__Exercise__
Find the lines of the records in which the word "simulink" appears and report how many there are, as a number alone.

__Dataset entries__
——
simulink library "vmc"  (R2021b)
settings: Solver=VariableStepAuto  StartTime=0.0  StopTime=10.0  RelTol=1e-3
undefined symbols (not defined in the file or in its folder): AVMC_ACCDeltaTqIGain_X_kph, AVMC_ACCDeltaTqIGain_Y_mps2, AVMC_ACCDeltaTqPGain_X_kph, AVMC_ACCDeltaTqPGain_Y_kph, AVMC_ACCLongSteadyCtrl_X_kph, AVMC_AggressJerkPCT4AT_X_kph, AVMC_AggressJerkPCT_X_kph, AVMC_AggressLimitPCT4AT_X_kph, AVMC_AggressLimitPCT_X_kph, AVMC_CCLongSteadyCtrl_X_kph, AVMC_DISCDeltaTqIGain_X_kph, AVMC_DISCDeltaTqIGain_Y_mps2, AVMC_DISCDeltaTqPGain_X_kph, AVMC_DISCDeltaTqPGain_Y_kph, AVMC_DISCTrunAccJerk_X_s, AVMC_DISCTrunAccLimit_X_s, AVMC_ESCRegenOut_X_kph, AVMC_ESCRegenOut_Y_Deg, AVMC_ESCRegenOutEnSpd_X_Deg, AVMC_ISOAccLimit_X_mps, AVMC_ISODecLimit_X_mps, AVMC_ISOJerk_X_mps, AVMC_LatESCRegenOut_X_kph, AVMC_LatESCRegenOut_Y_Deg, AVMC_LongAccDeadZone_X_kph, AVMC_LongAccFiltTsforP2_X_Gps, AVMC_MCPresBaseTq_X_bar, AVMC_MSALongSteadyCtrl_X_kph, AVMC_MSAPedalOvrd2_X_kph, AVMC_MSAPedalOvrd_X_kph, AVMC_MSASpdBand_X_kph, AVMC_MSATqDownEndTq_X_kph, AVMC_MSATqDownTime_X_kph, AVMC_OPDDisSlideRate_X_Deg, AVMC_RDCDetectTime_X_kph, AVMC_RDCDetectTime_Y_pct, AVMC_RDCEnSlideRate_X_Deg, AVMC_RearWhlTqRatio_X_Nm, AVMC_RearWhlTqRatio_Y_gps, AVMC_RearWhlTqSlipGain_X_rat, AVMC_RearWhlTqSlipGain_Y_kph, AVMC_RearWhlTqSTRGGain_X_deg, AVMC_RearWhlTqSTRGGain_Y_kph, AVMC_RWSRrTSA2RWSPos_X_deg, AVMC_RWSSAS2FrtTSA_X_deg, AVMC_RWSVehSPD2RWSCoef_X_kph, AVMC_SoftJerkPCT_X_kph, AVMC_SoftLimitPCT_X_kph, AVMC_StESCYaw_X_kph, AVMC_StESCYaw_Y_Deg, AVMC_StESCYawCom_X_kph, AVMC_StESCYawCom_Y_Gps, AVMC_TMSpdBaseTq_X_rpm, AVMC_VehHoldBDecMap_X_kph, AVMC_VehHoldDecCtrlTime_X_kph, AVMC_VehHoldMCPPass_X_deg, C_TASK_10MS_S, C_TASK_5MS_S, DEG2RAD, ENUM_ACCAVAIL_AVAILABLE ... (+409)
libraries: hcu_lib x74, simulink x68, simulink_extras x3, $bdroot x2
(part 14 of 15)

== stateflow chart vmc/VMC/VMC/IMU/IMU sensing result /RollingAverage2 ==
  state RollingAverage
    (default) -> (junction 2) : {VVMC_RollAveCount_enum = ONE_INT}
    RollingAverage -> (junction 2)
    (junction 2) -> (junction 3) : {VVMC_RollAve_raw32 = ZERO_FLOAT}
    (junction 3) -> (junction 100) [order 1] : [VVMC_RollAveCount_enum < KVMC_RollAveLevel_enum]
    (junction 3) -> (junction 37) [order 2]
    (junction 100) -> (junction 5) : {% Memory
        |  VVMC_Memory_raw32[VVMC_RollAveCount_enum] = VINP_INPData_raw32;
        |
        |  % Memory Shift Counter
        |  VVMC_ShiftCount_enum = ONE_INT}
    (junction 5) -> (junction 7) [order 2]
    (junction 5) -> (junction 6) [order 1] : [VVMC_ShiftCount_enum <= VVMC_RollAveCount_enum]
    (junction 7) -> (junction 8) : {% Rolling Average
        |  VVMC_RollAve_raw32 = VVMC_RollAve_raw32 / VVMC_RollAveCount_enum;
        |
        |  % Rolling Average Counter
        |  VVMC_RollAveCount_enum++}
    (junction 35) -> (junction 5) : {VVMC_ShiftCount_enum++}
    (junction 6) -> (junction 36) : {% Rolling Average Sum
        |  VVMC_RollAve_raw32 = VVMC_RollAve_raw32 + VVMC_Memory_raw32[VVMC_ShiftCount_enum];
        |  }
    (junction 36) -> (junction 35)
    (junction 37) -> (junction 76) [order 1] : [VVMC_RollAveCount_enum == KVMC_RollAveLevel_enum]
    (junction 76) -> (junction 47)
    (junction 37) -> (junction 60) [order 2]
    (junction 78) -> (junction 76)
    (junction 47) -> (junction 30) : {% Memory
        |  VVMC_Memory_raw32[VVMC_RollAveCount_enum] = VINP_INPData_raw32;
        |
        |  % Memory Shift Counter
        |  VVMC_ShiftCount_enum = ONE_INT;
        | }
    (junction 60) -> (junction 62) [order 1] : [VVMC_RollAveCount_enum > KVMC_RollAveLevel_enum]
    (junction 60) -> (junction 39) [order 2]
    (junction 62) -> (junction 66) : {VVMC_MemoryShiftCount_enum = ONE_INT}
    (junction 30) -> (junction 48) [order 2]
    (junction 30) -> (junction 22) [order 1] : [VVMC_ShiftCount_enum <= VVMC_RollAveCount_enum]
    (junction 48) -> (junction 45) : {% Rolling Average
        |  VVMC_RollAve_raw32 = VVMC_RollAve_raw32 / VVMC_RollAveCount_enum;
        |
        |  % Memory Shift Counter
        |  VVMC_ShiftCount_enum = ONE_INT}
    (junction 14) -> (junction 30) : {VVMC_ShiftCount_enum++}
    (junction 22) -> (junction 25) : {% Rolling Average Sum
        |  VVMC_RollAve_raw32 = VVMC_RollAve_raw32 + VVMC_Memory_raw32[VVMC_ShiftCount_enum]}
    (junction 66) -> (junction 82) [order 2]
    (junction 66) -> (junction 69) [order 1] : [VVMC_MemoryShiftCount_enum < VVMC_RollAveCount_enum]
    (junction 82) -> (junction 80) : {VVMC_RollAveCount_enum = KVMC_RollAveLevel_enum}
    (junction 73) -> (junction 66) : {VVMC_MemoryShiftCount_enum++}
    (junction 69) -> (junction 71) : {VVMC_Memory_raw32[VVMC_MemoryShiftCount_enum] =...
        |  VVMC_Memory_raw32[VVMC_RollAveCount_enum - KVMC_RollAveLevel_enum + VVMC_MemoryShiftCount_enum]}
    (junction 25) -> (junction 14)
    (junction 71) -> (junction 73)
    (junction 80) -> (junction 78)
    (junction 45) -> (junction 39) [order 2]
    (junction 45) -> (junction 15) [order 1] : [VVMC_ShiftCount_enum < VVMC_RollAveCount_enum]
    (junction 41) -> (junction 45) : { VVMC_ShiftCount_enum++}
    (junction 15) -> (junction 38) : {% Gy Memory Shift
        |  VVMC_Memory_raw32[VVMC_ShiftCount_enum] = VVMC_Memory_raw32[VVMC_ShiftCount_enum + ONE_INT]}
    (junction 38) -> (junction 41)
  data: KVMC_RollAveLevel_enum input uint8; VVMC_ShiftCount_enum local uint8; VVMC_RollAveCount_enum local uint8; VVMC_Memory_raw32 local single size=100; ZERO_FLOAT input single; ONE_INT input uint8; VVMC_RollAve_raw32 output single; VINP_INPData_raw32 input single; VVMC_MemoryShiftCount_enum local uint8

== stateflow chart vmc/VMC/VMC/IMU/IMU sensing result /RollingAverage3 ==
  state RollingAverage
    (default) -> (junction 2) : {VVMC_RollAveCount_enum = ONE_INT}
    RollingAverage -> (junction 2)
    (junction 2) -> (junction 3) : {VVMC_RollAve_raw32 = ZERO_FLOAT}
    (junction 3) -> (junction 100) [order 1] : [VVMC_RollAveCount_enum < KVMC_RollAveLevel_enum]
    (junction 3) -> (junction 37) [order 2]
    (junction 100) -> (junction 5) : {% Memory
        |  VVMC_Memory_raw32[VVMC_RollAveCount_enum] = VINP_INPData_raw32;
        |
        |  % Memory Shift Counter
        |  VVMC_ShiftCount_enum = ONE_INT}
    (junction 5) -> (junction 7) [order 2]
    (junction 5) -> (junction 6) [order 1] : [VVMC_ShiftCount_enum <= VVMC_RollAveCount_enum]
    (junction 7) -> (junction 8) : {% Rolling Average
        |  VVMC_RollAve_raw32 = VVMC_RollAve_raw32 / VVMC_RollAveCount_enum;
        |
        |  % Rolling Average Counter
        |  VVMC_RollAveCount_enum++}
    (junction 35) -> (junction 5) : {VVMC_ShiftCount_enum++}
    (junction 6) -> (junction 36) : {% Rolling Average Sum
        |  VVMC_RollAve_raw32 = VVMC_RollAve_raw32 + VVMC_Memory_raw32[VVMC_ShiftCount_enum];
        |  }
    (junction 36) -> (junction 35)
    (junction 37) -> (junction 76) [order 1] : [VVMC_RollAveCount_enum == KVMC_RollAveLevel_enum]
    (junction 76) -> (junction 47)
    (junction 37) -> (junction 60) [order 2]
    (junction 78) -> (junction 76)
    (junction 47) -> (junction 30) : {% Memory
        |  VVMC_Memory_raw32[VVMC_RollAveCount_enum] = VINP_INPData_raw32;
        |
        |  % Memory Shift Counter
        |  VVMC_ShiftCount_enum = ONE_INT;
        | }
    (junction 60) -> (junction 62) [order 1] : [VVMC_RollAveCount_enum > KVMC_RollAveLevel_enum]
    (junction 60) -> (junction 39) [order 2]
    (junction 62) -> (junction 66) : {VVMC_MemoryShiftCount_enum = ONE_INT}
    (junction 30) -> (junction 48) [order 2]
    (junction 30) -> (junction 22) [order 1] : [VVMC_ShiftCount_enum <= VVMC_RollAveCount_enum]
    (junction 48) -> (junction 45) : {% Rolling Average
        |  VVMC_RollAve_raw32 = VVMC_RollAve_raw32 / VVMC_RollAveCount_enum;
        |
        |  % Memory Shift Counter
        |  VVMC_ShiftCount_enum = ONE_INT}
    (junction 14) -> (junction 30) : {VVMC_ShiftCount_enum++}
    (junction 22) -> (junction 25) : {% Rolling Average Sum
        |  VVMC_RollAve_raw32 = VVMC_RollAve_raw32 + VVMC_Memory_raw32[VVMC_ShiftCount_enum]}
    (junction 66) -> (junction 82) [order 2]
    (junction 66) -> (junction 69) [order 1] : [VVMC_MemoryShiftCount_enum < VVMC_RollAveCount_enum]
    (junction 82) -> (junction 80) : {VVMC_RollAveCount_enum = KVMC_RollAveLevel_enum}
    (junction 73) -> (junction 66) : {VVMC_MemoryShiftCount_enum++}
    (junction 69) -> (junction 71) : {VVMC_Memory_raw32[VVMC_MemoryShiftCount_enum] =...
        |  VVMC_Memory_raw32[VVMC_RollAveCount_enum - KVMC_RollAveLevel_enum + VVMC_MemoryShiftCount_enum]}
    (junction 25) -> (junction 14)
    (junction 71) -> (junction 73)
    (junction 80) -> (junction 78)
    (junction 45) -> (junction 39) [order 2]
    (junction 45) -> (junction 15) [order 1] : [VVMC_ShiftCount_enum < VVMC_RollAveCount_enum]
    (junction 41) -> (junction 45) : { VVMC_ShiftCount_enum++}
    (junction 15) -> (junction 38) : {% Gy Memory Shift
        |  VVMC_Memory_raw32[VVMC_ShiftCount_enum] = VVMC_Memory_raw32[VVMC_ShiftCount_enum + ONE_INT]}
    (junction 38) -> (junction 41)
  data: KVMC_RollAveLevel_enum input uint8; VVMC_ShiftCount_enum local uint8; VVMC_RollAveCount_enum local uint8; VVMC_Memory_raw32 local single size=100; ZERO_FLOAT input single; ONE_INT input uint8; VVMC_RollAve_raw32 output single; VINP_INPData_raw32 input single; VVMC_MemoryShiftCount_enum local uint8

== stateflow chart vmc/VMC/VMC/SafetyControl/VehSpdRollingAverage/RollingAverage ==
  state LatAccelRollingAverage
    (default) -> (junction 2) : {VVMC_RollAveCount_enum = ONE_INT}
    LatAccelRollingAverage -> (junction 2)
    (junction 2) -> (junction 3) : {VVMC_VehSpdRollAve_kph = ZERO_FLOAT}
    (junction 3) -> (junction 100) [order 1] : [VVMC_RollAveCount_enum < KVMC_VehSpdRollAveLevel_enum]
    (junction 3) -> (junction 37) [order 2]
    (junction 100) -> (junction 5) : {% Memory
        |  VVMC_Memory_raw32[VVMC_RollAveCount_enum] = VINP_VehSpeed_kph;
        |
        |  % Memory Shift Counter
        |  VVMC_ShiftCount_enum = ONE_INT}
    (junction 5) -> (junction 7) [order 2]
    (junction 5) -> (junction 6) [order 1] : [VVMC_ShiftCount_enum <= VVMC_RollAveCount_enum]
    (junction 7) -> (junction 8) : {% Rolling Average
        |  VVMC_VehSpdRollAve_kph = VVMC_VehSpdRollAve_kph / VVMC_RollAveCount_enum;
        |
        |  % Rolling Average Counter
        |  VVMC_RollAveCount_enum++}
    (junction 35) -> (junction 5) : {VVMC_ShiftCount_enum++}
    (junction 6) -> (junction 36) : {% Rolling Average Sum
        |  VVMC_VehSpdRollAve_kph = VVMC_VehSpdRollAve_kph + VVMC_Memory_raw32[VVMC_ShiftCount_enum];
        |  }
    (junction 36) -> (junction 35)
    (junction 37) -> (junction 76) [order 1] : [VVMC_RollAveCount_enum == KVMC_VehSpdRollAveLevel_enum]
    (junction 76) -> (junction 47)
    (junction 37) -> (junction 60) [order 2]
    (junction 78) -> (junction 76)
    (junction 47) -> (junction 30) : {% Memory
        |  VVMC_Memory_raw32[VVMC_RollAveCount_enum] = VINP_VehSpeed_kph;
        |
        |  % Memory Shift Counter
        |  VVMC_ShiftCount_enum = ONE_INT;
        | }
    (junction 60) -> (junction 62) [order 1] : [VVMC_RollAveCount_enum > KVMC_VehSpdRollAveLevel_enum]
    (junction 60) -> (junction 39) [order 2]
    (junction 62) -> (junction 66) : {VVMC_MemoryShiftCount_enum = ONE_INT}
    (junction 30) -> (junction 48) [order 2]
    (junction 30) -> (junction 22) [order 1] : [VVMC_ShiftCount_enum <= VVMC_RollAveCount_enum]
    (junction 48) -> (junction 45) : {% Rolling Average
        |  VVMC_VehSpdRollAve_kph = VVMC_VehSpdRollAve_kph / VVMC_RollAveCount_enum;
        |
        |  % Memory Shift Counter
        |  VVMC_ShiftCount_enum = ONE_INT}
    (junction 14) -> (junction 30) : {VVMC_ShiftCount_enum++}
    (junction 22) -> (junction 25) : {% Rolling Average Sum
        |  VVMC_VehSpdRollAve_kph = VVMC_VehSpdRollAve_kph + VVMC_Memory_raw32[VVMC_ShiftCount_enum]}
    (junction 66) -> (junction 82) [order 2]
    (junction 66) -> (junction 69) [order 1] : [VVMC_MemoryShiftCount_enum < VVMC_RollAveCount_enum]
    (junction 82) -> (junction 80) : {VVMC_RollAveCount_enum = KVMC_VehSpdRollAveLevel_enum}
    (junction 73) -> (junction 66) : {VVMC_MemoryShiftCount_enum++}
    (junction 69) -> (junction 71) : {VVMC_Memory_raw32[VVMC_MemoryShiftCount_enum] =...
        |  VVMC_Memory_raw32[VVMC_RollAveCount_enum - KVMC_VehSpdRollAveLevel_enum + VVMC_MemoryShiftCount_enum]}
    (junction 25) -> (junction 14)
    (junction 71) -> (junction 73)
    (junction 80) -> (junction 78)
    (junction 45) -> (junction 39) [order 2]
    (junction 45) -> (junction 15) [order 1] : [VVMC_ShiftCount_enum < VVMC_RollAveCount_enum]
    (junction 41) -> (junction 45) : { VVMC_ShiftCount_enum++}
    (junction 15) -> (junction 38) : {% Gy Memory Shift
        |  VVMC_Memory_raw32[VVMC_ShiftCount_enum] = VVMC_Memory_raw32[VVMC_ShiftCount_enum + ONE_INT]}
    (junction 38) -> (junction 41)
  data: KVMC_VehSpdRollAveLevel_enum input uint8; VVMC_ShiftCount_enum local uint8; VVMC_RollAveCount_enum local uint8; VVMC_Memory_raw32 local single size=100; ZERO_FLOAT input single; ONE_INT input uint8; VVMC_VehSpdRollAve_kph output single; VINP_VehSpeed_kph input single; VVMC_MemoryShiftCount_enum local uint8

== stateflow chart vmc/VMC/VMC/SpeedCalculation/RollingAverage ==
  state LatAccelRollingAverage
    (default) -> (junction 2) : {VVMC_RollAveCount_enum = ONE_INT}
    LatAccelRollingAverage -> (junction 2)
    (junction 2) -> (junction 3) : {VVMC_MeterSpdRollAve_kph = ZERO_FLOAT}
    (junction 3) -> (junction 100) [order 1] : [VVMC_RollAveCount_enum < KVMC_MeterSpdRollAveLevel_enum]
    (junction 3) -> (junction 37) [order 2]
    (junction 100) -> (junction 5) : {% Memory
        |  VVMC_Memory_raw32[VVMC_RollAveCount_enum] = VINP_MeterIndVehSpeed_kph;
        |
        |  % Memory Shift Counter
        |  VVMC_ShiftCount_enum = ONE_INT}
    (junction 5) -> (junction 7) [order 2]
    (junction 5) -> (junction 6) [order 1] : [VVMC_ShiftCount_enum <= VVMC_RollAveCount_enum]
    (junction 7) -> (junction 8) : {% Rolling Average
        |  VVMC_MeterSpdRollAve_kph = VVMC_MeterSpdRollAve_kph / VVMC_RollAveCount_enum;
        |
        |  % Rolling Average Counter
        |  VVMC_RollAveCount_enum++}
——
__Task result__
2